▸ **TASK DATA**:
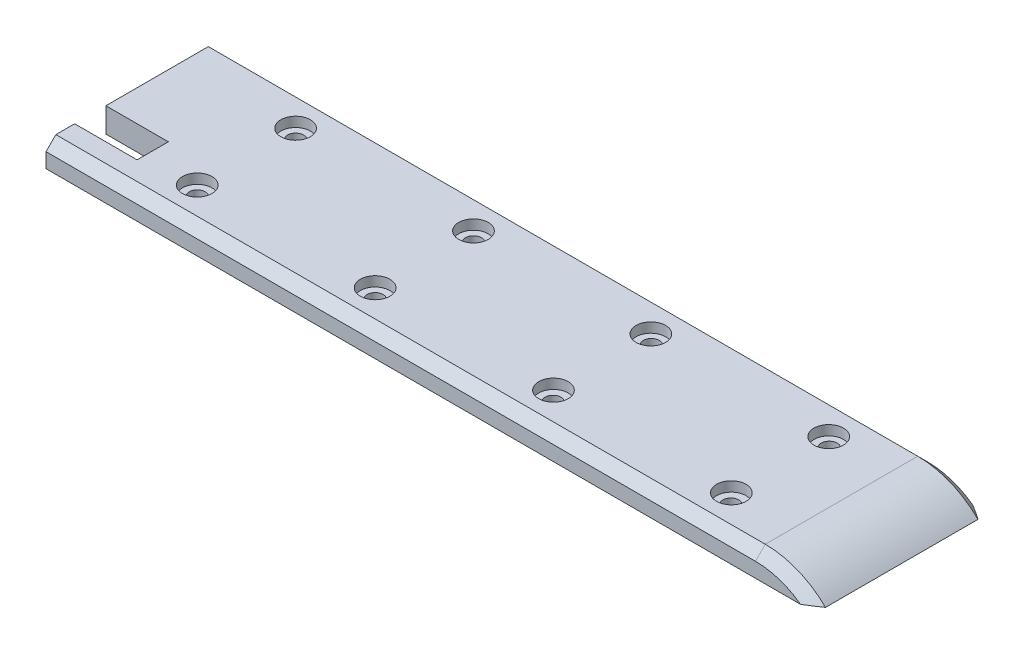
from build123d import *

# Parameters (mm, degrees)
BOSS_EXTRUDE1_DEPTH = 17.5
SKETCH2_W           = 18
SKETCH2_H           = 5
CUT_EXTRUDE1_DEPTH  = 17.5
SKETCH3_R           = 1.625
CUT_EXTRUDE2_DEPTH  = 5
SKETCH4_R           = 3
CUT_EXTRUDE3_DEPTH  = 2
CHAMFER1_SIZE       = 2
SKETCH5_W           = 12.7
SKETCH5_H           = 6.35
CUT_EXTRUDE4_DEPTH  = 5


with BuildPart() as part:
    # Sketch1 → Boss-Extrude1 (new, symmetric)
    with BuildSketch(Plane.XY):
        with BuildLine():
            Line((-75, 17.5), (75, 17.5))
            ThreePointArc((75, 17.5), (81.614378278, 16.201851746), (87.247448714, 12.5))
            Line((87.247448714, 12.5), (-87.247448714, 12.5))
            ThreePointArc((-87.247448714, 12.5), (-81.614378278, 16.201851746), (-75, 17.5))
        make_face()
    extrude(amount=BOSS_EXTRUDE1_DEPTH, both=True)

    # Sketch2 → Cut-Extrude1 (cut, symmetric)
    with BuildSketch(Plane.XY):
        with Locations((-78.247448714, 15)):
            Rectangle(SKETCH2_W, SKETCH2_H)
    extrude(amount=CUT_EXTRUDE1_DEPTH, both=True, mode=Mode.SUBTRACT)

    # Sketch3 → Cut-Extrude2 (cut)
    with BuildSketch(Plane.XZ.offset(-12.5)):
        with Locations((-46, -10)):
            Circle(SKETCH3_R)
        with Locations((-9.833333333, -10)):
            Circle(SKETCH3_R)
        with Locations((26.333333333, -10)):
            Circle(SKETCH3_R)
        with Locations((62.5, -10)):
            Circle(SKETCH3_R)
    cut_extrude2 = extrude(amount=-CUT_EXTRUDE2_DEPTH, mode=Mode.SUBTRACT)

    # Sketch4 → Cut-Extrude3 (cut)
    with BuildSketch(Plane(origin=(0, 17.5, 0), x_dir=(1, 0, 0), z_dir=(0, 1, 0))):
        with Locations(Location((62.5, 9.9, 0), (0, 0, 180))):
            Circle(SKETCH4_R)
        with Locations(Location((26.333333333, 9.9, 0), (0, 0, 180))):
            Circle(SKETCH4_R)
        with Locations(Location((-9.833333333, 10, 0), (0, 0, 180))):
            Circle(SKETCH4_R)
        with Locations(Location((-46, 10, 0), (0, 0, 180))):
            Circle(SKETCH4_R)
    cut_extrude3 = extrude(amount=-CUT_EXTRUDE3_DEPTH, mode=Mode.SUBTRACT)

    # Mirror1: Cut-Extrude2, Cut-Extrude3 across plane
    add(cut_extrude2.mirror(Plane.XY), mode=Mode.SUBTRACT)
    add(cut_extrude3.mirror(Plane.XY), mode=Mode.SUBTRACT)

    # Chamfer1
    chamfer1_edges = [part.edges().sort_by_distance(p)[0] for p in [
        (81.614378278, 16.201851746, 17.5),
        (2.876275643, 17.5, 17.5),
        (2.876275643, 17.5, -17.5),
        (81.614378278, 16.201851746, -17.5),
    ]]
    chamfer(chamfer1_edges, length=CHAMFER1_SIZE)

    # Sketch5 → Cut-Extrude4 (cut)
    with BuildSketch(Plane(origin=(0, 17.5, 0), x_dir=(1, 0, 0), z_dir=(0, 1, 0))):
        with Locations((-62.897448714, -8.5)):
            Rectangle(SKETCH5_W, SKETCH5_H)
    extrude(amount=-CUT_EXTRUDE4_DEPTH, mode=Mode.SUBTRACT)


solid = part.part

▸ **WORK ORDER**: Once you have found every line above holding the word "amount", copy those lines.

▸ **EXERCISE ANSWER**:
    extrude(amount=BOSS_EXTRUDE1_DEPTH, both=True)
    extrude(amount=CUT_EXTRUDE1_DEPTH, both=True, mode=Mode.SUBTRACT)
    cut_extrude2 = extrude(amount=-CUT_EXTRUDE2_DEPTH, mode=Mode.SUBTRACT)
    cut_extrude3 = extrude(amount=-CUT_EXTRUDE3_DEPTH, mode=Mode.SUBTRACT)
    extrude(amount=-CUT_EXTRUDE4_DEPTH, mode=Mode.SUBTRACT)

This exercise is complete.